GM announced Tuesday it sold its Hummer line to an undisclosed company. A person with knowledge of the deal told CNNMoney.com GM will sell Hummer to Sichuan Tengzhong Heavy Industrial Machinery Company Ltd. in China.

When it emerges from bankruptcy, GM is expected to continue with its four core brands, Chevrolet, Buick, GMC and Cadillac.

0:00 /02:48GM CEO: We will get through this
Sales of light GM (GMGMQ) trucks fell 20.8%.

The May numbers were unadjusted for the extra day this year.

Ford: Ford Motor Co.'s U.S. auto sales fell less than expected in May marking its best performance since July 2008, the automaker reported on Tuesday.

Ford (F, Fortune 500) said total domestic vehicle sales fell 24.3% compared to a year earlier. That was a narrower decline than analysts' forecast of a 28.5% drop and better than the 32% retreat in April.

Though Ford's car models fell by 25.5%, sales of its mid-sized Fusion model were actually up 9.4% last month, the only Ford brand model that rose from last year.

Crossover SUV sales dropped 9%, and traditional SUV sales tanked 37.4%. Overall, Ford truck sales fell 23.4%.

The company said it believed economic conditions were improving and auto sales have bottomed out, though a spokesman for Ford said it expected a bumpy recovery.

"This is still a very fragile industry," said Ken Czubay, Ford's vice president of sales, on a conference call with reporters. "It won't be a straight line up from here to the end of the year."

Changing landscape: Ford's results came as rivals Chrysler and GM filed for Chapter 11 bankruptcy protection. When GM entered bankruptcy on Monday, Ford was left as the lone "Big Three" company that has not requested federal bailout funds or gone bankrupt.

As its domestic rivals flailed, Ford continued to build on its growing market share.

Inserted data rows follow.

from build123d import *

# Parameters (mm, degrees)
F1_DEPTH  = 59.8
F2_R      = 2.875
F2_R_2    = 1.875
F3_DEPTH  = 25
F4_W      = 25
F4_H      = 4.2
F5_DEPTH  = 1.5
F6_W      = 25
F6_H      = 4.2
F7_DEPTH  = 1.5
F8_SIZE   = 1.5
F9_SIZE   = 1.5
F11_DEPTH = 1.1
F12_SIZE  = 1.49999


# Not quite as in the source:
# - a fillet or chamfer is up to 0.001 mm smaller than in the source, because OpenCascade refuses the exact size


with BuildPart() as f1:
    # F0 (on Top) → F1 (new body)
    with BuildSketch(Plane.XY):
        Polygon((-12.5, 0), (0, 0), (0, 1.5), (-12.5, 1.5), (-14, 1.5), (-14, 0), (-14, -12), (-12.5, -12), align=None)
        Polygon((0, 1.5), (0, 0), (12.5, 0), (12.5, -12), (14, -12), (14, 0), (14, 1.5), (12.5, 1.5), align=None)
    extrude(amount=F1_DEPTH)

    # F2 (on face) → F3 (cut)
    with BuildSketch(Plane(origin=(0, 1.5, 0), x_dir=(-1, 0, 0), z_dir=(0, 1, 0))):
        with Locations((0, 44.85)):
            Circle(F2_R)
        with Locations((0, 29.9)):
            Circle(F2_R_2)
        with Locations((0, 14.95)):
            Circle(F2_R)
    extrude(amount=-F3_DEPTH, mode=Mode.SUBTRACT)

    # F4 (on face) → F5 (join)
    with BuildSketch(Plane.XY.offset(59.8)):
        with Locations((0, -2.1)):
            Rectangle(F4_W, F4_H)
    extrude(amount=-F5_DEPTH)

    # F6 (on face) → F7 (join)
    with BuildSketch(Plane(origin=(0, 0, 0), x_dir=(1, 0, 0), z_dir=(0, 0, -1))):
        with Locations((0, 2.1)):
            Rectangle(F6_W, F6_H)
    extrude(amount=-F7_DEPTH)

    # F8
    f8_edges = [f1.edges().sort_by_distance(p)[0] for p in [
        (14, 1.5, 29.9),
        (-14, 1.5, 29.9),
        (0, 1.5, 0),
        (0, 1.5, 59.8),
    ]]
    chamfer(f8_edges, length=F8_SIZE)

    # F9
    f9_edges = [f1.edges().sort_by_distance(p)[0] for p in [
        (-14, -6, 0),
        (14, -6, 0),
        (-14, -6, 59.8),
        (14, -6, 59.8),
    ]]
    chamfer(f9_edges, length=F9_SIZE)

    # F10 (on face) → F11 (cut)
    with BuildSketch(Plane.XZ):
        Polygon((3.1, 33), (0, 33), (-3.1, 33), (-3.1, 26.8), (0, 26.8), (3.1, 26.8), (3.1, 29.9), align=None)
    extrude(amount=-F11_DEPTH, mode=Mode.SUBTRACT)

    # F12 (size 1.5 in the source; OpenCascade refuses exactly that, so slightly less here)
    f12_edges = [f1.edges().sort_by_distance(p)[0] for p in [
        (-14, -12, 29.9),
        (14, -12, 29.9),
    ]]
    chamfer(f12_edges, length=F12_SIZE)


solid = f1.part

But the company said it believed the sales improvement from April to May had more to do with increasing consumer demand than turmoil at its competitors. Accordingly, Ford said it will begin to raise its production as the company sees sales beginning to pick up.

In April, Ford's domestic brands outpaced Toyota's (TM) for the first time since since April 2007, making it the second-largest automaker in terms of monthly U.S. sales behind GM. Ford estimated on Tuesday that its May sales helped it gain the highest market share that the company has enjoyed in three years, even as it scaled back its incentives $200 compared to a year ago.

"Ford is the only volume brand to deliver incentive reductions and still gain retail share," said Czubay. "But the next 90 days will be volatile, as we expect fire sales from our competitors."

Chrysler, Toyota, and all of the other major automakers will report their monthly sales later Tuesday afternoon. Edmunds.com expects industry-wide sales in May to have fallen 36.1% from May 2008, which is slightly worse than April's 34% year-over-year drop.

Analysts predict the combined monthly U.S. market share for Chrysler, Ford and General Motors' domestic vehicles will be 43.9% in May 2009, down from 45.3% a year ago and 46.6% in April.

Also Tuesday, Japanese automaker Nissan reported May sales fell 33.1%, better than the 35.1% analysts expected.